» **Study material**:
####

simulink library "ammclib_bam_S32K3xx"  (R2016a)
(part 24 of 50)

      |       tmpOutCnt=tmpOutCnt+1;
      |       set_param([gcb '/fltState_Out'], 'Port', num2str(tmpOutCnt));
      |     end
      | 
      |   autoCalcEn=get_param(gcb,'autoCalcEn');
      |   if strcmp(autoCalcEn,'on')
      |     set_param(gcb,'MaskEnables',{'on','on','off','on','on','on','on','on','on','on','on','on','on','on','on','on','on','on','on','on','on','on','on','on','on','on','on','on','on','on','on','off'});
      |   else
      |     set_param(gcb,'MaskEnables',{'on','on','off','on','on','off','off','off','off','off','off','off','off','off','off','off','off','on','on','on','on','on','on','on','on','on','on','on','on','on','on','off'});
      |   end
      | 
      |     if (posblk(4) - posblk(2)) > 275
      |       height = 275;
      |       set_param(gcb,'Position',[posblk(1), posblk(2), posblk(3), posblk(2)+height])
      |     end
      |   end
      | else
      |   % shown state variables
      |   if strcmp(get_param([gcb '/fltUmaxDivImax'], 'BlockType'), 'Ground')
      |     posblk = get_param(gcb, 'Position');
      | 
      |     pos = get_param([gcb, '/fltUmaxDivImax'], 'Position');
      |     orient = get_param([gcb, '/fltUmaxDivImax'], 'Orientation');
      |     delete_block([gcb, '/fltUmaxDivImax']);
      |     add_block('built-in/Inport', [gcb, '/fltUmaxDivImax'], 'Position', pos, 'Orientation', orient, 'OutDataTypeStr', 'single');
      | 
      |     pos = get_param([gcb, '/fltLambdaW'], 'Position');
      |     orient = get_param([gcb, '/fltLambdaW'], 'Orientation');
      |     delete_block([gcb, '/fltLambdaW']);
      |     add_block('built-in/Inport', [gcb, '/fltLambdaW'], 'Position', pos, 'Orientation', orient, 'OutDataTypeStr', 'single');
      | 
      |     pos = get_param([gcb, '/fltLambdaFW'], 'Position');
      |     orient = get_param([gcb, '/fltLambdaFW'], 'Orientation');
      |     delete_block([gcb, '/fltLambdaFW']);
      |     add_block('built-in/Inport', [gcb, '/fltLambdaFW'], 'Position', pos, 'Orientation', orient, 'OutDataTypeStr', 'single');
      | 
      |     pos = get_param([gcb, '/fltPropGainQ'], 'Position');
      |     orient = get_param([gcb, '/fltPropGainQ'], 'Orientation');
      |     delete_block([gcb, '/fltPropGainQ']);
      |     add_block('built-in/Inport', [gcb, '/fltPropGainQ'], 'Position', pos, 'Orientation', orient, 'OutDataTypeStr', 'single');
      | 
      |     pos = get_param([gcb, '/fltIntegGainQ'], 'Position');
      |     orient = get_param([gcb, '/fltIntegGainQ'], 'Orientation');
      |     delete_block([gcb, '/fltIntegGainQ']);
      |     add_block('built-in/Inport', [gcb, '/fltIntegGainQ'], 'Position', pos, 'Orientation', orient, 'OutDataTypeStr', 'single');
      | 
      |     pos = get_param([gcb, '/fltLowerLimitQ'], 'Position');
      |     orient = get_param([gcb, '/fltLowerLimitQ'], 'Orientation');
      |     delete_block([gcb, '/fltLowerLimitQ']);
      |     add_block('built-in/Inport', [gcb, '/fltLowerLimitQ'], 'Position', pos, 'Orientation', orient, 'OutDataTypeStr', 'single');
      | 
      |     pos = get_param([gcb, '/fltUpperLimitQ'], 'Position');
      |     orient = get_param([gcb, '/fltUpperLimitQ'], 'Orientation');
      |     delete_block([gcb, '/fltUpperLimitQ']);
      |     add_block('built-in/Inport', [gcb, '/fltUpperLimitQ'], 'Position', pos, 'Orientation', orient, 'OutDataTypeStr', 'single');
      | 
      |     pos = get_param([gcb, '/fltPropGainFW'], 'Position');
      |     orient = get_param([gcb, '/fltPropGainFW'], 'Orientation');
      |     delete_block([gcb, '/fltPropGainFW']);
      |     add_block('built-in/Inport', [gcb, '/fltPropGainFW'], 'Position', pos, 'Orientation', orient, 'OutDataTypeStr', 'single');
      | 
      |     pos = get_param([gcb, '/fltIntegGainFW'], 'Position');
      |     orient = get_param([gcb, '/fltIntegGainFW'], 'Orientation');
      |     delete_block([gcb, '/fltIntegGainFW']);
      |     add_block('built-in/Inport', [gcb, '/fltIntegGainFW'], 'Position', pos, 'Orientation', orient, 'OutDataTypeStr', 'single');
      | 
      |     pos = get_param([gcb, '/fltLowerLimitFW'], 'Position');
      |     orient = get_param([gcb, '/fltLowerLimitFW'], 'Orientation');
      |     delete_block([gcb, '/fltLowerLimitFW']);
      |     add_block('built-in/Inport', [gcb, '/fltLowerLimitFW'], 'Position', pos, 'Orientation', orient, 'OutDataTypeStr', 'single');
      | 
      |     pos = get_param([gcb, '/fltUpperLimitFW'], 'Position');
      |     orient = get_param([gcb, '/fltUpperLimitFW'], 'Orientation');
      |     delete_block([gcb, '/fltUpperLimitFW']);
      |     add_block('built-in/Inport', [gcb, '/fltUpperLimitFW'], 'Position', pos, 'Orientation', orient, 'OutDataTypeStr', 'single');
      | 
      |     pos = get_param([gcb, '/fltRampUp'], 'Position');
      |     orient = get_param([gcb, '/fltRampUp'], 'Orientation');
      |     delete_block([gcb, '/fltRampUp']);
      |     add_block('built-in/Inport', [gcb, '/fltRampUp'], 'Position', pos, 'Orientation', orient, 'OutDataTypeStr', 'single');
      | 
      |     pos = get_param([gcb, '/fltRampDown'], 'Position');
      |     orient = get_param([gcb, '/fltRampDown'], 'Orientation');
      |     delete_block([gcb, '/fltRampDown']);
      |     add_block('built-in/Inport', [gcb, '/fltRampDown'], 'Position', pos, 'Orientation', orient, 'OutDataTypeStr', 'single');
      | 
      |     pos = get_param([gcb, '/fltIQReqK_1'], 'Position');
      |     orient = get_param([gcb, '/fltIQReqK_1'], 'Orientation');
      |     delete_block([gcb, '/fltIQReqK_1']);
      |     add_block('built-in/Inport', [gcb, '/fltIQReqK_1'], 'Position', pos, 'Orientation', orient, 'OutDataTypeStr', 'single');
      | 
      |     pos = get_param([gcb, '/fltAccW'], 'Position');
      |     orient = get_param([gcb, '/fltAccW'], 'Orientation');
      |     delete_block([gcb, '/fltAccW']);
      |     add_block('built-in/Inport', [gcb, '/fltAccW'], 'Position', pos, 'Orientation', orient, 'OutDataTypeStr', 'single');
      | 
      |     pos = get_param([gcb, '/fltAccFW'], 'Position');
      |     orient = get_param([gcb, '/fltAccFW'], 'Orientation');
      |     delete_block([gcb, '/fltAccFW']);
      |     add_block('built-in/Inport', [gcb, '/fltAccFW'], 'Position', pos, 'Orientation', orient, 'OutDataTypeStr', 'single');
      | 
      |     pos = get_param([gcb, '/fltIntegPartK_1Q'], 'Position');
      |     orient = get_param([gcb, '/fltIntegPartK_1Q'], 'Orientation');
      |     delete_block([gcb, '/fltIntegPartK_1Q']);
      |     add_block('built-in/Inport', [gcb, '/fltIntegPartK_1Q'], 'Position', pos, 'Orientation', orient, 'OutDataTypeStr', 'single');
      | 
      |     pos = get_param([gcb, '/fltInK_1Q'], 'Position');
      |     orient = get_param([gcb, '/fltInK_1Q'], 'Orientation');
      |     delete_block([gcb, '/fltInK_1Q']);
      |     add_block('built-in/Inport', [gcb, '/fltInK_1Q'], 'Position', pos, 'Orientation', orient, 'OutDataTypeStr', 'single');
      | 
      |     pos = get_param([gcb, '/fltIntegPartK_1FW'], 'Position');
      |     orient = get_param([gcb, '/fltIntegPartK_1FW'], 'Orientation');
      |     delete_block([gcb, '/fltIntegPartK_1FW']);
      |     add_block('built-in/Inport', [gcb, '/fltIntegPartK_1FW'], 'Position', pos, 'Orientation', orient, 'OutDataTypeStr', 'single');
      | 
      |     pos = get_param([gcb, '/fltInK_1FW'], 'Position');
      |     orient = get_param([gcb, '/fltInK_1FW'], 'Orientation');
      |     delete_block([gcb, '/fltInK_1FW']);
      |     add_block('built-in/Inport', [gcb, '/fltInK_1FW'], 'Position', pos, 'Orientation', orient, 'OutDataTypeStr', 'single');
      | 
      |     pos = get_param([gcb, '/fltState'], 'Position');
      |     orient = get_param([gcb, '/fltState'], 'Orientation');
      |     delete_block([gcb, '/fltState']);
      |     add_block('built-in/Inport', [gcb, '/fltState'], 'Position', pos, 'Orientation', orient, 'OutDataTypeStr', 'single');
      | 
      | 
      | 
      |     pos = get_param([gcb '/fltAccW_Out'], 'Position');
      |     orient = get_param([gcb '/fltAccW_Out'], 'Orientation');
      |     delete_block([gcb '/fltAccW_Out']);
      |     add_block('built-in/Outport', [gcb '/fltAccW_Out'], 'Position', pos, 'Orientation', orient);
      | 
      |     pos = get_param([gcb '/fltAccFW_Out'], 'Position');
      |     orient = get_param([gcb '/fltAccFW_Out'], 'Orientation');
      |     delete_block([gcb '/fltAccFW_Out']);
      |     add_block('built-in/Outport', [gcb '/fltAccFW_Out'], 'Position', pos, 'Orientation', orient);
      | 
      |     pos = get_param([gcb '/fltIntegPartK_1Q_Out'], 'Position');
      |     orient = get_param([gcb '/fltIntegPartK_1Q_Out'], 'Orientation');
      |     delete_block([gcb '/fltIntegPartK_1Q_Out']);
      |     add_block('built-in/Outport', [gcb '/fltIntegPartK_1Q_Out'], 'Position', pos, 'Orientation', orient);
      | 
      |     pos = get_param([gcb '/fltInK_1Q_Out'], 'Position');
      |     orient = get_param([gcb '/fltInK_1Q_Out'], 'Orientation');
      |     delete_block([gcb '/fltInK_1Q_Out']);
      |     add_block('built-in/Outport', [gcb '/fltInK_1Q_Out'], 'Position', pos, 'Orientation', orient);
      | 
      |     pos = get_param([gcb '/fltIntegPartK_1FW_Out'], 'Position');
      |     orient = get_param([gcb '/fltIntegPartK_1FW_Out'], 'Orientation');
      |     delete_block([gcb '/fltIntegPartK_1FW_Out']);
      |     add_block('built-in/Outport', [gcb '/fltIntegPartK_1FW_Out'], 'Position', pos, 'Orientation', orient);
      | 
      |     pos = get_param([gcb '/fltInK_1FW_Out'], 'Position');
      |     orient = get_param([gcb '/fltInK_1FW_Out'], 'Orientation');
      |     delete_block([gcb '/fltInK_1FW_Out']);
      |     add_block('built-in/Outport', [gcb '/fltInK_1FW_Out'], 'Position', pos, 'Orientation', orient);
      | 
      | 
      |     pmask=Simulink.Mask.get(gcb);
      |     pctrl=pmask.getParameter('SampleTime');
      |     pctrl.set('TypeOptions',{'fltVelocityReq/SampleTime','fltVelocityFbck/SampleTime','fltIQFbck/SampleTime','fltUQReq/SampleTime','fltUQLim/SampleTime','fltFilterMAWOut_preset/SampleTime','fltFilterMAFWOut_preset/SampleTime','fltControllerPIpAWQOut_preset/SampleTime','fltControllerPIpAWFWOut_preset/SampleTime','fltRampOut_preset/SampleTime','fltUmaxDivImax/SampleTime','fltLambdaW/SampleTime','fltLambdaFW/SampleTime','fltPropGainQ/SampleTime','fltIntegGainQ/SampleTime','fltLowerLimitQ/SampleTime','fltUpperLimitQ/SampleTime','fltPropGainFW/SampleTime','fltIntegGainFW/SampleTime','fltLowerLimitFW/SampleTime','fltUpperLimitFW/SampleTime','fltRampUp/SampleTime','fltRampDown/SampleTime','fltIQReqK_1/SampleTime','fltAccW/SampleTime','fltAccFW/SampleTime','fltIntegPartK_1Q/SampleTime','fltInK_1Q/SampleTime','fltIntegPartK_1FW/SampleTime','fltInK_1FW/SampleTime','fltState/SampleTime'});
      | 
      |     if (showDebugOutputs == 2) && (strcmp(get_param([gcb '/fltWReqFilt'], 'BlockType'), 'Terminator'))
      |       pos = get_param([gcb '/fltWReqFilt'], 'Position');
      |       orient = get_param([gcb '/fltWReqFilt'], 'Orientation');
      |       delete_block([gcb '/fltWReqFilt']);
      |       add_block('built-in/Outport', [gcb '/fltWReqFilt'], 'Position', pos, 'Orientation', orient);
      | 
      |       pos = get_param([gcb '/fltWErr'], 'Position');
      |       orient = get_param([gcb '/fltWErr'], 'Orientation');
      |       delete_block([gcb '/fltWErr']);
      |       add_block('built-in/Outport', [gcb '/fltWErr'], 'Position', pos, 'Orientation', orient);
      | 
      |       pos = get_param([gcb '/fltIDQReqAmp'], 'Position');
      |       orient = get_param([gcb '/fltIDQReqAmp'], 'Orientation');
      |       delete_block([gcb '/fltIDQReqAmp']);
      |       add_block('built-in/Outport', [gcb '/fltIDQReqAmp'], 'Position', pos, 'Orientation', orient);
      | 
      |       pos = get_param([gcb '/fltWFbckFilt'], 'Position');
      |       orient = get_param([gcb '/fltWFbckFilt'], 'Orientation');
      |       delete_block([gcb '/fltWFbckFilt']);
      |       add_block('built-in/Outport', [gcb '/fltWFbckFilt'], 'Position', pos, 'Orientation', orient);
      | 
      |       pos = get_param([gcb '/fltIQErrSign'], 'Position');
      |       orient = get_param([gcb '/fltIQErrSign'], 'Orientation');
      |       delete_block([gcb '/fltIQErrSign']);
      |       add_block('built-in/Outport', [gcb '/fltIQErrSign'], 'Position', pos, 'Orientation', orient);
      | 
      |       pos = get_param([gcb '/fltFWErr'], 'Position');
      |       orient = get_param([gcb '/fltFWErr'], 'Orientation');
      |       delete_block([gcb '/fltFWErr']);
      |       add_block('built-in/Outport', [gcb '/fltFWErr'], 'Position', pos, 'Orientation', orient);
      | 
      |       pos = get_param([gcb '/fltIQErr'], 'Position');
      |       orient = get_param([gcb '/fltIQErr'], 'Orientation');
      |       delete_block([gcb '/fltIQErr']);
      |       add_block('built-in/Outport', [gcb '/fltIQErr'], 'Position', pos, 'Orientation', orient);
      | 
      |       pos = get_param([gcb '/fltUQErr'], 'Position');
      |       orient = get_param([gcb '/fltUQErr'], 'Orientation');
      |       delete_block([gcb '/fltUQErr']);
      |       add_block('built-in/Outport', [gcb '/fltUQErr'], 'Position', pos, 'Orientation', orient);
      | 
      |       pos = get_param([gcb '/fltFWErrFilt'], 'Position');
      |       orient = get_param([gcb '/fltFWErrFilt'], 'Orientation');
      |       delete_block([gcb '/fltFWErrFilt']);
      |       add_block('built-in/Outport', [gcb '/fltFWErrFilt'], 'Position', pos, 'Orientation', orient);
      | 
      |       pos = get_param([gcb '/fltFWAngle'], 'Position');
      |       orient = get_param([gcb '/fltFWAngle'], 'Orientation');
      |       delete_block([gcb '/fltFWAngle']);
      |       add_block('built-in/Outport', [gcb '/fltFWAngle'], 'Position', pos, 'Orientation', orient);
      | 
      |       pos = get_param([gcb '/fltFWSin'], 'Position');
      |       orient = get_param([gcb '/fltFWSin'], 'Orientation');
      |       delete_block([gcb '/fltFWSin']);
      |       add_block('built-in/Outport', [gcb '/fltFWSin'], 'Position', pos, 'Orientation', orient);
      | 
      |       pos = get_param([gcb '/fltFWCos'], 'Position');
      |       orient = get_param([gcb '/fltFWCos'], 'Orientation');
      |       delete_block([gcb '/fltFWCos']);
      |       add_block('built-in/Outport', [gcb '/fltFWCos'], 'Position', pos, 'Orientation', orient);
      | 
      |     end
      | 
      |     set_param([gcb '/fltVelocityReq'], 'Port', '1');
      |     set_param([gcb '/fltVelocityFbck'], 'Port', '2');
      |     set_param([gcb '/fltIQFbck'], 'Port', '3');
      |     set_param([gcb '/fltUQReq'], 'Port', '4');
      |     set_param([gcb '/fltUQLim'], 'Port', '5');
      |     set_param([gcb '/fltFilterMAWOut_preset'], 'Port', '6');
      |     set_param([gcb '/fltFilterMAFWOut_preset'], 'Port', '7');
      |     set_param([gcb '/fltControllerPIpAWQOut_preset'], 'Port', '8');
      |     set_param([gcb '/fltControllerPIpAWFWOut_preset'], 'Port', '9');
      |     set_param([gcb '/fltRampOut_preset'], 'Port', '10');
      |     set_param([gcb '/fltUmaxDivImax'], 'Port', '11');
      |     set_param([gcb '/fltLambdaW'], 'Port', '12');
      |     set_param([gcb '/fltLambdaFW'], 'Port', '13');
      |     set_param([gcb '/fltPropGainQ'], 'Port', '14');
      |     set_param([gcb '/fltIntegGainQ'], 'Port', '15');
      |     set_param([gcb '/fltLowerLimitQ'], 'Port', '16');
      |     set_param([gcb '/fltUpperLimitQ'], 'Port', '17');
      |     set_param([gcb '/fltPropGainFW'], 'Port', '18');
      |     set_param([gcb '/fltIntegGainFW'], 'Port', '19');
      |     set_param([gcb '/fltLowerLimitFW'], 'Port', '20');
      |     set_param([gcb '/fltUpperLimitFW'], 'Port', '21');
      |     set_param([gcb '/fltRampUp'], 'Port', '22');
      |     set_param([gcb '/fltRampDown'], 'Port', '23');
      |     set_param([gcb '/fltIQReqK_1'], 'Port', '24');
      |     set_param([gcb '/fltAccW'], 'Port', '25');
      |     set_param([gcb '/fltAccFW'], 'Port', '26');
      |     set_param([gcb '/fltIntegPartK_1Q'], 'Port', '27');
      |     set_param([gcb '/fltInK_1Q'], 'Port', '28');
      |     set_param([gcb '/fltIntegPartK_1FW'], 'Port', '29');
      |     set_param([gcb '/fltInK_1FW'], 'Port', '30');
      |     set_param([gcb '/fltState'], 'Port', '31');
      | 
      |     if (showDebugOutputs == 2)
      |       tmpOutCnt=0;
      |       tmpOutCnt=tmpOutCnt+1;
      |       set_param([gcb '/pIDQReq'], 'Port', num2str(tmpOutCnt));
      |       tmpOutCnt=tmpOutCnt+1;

####

» **Instructions for the task**:
Everything from the first line of the records above through the line containing "get_param([gcb, '/fltUmaxDivImax'], 'Orientation');" should be restated word for word; leave out all other lines.

» **Output of the exercise**:
simulink library "ammclib_bam_S32K3xx"  (R2016a)
(part 24 of 50)

      |       tmpOutCnt=tmpOutCnt+1;
      |       set_param([gcb '/fltState_Out'], 'Port', num2str(tmpOutCnt));
      |     end
      | 
      |   autoCalcEn=get_param(gcb,'autoCalcEn');
      |   if strcmp(autoCalcEn,'on')
      |     set_param(gcb,'MaskEnables',{'on','on','off','on','on','on','on','on','on','on','on','on','on','on','on','on','on','on','on','on','on','on','on','on','on','on','on','on','on','on','on','off'});
      |   else
      |     set_param(gcb,'MaskEnables',{'on','on','off','on','on','off','off','off','off','off','off','off','off','off','off','off','off','on','on','on','on','on','on','on','on','on','on','on','on','on','on','off'});
      |   end
      | 
      |     if (posblk(4) - posblk(2)) > 275
      |       height = 275;
      |       set_param(gcb,'Position',[posblk(1), posblk(2), posblk(3), posblk(2)+height])
      |     end
      |   end
      | else
      |   % shown state variables
      |   if strcmp(get_param([gcb '/fltUmaxDivImax'], 'BlockType'), 'Ground')
      |     posblk = get_param(gcb, 'Position');
      | 
      |     pos = get_param([gcb, '/fltUmaxDivImax'], 'Position');
      |     orient = get_param([gcb, '/fltUmaxDivImax'], 'Orientation');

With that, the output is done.